■ To do: Give back exactly the lines of the entries below from the line with "Radius/1 -> TRAJECTORY" to the line with "Left_wheel_Angle/1 -> LEFT", inclusive, and only those.

Records shown Start Marker

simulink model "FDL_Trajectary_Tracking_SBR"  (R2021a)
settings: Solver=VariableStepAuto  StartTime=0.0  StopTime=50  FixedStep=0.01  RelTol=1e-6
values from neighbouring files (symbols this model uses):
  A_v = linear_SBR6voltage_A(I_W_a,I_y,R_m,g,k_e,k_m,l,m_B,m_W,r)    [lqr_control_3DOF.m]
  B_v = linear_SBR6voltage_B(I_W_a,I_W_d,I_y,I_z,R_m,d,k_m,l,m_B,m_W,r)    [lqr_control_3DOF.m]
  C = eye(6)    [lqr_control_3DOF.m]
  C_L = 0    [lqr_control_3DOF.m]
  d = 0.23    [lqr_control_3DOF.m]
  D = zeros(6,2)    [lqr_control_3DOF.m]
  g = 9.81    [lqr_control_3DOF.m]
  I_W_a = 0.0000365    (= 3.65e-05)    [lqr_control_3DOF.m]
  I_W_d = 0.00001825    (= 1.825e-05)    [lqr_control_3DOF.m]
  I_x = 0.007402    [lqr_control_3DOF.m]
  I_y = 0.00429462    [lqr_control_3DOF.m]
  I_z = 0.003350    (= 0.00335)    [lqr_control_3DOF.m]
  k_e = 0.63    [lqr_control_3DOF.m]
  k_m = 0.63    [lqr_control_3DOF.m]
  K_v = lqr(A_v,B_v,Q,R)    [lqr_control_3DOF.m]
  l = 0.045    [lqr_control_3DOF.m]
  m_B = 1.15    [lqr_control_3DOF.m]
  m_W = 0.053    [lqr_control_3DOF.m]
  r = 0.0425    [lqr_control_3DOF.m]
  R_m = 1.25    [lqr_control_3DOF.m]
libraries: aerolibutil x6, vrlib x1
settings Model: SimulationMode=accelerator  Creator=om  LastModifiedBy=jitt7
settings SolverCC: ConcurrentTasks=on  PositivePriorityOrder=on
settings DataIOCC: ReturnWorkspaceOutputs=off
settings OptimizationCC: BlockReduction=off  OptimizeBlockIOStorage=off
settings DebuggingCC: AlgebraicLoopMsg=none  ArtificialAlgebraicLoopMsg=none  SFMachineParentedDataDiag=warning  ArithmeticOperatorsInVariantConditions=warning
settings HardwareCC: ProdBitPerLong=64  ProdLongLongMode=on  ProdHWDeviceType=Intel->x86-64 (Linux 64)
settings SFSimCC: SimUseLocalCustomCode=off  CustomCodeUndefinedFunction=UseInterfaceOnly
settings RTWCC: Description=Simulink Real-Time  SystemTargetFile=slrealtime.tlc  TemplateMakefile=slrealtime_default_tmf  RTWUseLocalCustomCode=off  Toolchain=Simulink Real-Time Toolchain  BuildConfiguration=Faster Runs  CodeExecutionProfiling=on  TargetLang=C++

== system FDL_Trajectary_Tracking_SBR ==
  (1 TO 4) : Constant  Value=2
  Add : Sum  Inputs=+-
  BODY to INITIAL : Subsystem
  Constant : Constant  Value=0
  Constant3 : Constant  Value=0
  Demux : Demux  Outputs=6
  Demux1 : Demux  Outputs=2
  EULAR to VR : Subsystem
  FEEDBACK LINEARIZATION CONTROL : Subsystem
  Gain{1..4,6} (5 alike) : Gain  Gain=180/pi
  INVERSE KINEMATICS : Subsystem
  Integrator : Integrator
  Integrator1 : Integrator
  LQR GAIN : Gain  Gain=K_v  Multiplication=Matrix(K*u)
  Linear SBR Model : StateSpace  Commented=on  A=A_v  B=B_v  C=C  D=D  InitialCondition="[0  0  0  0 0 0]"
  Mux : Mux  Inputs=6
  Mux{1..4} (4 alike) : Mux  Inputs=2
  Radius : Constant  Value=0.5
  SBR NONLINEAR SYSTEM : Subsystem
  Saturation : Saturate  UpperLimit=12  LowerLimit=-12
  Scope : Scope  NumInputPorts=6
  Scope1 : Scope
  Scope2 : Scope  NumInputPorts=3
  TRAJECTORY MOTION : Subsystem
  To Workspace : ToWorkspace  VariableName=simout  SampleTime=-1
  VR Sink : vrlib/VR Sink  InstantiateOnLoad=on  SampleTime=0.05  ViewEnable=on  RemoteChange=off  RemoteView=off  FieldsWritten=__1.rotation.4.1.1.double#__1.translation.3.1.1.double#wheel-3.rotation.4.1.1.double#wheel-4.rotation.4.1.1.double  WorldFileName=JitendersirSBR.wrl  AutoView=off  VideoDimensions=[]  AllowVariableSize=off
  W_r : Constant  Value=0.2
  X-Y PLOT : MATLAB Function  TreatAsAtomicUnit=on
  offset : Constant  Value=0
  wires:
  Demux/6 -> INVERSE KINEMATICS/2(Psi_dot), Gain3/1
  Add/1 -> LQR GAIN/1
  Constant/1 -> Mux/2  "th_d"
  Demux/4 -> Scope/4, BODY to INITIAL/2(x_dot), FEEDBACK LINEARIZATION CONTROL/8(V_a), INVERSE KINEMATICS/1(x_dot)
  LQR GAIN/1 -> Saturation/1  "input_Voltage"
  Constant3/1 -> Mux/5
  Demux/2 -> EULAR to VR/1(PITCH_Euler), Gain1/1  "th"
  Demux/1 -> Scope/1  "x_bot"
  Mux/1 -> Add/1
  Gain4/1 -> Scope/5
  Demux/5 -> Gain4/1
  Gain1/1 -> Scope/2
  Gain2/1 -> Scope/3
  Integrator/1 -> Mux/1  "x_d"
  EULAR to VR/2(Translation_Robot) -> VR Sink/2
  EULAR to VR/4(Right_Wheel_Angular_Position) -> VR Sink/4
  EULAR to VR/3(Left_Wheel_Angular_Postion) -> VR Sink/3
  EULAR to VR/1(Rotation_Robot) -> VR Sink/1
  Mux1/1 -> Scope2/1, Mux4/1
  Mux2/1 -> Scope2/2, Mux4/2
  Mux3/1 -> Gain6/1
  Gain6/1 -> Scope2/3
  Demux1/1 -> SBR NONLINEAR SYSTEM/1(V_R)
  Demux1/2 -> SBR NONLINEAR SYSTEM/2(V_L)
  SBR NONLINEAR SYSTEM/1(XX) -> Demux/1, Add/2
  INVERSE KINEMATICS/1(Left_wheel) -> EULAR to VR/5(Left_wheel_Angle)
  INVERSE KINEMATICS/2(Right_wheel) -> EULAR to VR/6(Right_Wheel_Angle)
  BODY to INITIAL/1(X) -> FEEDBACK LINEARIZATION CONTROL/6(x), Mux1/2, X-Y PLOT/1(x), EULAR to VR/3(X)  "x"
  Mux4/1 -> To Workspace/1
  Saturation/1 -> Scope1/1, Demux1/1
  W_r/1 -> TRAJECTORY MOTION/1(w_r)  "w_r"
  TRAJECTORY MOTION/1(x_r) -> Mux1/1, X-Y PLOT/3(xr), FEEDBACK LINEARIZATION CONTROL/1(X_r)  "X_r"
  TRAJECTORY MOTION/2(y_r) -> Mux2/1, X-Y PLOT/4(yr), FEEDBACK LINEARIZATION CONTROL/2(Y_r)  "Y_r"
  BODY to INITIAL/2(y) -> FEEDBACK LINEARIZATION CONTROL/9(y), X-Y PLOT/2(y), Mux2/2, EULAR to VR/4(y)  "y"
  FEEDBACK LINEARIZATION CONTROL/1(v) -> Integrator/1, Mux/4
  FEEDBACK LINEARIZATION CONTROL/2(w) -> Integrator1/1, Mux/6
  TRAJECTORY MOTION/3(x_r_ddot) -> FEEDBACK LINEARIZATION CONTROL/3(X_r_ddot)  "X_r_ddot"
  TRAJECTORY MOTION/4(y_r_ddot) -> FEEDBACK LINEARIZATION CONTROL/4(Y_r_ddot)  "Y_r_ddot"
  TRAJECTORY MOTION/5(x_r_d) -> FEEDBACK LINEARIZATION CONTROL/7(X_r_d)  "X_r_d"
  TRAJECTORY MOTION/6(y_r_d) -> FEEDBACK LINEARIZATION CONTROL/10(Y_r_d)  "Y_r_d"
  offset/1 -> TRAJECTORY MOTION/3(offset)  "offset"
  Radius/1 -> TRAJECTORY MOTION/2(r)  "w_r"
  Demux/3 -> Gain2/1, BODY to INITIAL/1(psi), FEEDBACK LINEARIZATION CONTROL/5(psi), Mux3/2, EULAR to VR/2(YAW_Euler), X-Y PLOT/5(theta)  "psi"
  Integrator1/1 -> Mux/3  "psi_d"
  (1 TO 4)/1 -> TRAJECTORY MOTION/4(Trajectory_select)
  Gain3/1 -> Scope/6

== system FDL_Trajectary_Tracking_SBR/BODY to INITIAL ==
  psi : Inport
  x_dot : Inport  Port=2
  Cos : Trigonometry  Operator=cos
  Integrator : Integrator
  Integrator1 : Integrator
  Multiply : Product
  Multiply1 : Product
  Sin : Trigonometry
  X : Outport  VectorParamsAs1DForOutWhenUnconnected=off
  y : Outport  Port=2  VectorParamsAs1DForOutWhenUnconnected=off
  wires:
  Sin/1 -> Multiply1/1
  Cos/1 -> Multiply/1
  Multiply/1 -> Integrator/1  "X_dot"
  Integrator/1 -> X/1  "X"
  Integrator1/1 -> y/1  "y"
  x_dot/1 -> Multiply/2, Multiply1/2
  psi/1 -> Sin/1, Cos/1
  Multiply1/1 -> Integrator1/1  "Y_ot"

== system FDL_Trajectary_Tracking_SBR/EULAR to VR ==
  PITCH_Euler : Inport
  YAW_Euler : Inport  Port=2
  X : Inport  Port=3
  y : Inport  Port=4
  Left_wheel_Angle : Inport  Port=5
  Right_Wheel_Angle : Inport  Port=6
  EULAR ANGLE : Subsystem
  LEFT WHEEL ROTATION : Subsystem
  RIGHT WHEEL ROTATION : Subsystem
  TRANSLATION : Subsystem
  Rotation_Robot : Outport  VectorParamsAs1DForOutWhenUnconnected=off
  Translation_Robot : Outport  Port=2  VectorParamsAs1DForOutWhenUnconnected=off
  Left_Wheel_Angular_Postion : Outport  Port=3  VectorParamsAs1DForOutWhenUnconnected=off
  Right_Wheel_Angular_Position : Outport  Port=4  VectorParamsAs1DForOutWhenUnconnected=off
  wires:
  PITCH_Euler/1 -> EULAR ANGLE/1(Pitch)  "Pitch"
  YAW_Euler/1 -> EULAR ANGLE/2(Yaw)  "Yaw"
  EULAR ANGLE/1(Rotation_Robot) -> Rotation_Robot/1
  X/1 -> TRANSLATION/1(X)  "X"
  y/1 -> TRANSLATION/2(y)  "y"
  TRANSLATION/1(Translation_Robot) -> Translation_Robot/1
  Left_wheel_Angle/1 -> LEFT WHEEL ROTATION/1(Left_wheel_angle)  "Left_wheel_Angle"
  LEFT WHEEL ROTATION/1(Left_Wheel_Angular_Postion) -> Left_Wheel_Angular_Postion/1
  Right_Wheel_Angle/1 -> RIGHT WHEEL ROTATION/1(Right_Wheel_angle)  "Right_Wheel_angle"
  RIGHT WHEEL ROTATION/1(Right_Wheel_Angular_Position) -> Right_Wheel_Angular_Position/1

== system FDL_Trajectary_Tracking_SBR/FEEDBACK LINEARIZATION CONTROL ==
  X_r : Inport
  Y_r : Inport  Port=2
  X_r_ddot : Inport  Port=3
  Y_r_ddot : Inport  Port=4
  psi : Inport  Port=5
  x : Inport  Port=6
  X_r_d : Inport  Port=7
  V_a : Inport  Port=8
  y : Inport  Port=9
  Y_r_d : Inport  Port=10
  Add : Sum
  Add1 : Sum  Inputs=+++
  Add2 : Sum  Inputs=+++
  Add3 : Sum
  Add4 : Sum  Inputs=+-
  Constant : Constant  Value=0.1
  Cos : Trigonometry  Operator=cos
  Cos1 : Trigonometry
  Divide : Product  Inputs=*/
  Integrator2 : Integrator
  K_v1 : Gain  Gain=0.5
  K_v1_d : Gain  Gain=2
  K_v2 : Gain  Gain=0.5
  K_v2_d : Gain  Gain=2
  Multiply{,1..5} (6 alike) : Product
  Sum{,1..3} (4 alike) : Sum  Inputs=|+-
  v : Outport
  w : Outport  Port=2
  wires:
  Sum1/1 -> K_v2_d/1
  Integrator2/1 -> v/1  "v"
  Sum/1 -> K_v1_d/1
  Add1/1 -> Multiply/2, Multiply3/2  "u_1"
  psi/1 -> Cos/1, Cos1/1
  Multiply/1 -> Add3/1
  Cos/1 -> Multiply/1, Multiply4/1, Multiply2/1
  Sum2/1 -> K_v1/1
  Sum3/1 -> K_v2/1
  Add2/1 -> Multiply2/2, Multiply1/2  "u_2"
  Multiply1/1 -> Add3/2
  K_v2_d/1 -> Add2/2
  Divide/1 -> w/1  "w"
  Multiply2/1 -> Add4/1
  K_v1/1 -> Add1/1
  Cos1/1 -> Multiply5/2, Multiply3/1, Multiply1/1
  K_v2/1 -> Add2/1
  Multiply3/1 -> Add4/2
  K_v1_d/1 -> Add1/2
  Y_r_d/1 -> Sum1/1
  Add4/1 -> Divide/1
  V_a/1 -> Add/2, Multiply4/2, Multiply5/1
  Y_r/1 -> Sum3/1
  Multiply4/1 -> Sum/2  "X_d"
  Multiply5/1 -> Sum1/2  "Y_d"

Records shown End Marker

■ Result of the exercise:
  Radius/1 -> TRAJECTORY MOTION/2(r)  "w_r"
  Demux/3 -> Gain2/1, BODY to INITIAL/1(psi), FEEDBACK LINEARIZATION CONTROL/5(psi), Mux3/2, EULAR to VR/2(YAW_Euler), X-Y PLOT/5(theta)  "psi"
  Integrator1/1 -> Mux/3  "psi_d"
  (1 TO 4)/1 -> TRAJECTORY MOTION/4(Trajectory_select)
  Gain3/1 -> Scope/6

== system FDL_Trajectary_Tracking_SBR/BODY to INITIAL ==
  psi : Inport
  x_dot : Inport  Port=2
  Cos : Trigonometry  Operator=cos
  Integrator : Integrator
  Integrator1 : Integrator
  Multiply : Product
  Multiply1 : Product
  Sin : Trigonometry
  X : Outport  VectorParamsAs1DForOutWhenUnconnected=off
  y : Outport  Port=2  VectorParamsAs1DForOutWhenUnconnected=off
  wires:
  Sin/1 -> Multiply1/1
  Cos/1 -> Multiply/1
  Multiply/1 -> Integrator/1  "X_dot"
  Integrator/1 -> X/1  "X"
  Integrator1/1 -> y/1  "y"
  x_dot/1 -> Multiply/2, Multiply1/2
  psi/1 -> Sin/1, Cos/1
  Multiply1/1 -> Integrator1/1  "Y_ot"

== system FDL_Trajectary_Tracking_SBR/EULAR to VR ==
  PITCH_Euler : Inport
  YAW_Euler : Inport  Port=2
  X : Inport  Port=3
  y : Inport  Port=4
  Left_wheel_Angle : Inport  Port=5
  Right_Wheel_Angle : Inport  Port=6
  EULAR ANGLE : Subsystem
  LEFT WHEEL ROTATION : Subsystem
  RIGHT WHEEL ROTATION : Subsystem
  TRANSLATION : Subsystem
  Rotation_Robot : Outport  VectorParamsAs1DForOutWhenUnconnected=off
  Translation_Robot : Outport  Port=2  VectorParamsAs1DForOutWhenUnconnected=off
  Left_Wheel_Angular_Postion : Outport  Port=3  VectorParamsAs1DForOutWhenUnconnected=off
  Right_Wheel_Angular_Position : Outport  Port=4  VectorParamsAs1DForOutWhenUnconnected=off
  wires:
  PITCH_Euler/1 -> EULAR ANGLE/1(Pitch)  "Pitch"
  YAW_Euler/1 -> EULAR ANGLE/2(Yaw)  "Yaw"
  EULAR ANGLE/1(Rotation_Robot) -> Rotation_Robot/1
  X/1 -> TRANSLATION/1(X)  "X"
  y/1 -> TRANSLATION/2(y)  "y"
  TRANSLATION/1(Translation_Robot) -> Translation_Robot/1
  Left_wheel_Angle/1 -> LEFT WHEEL ROTATION/1(Left_wheel_angle)  "Left_wheel_Angle"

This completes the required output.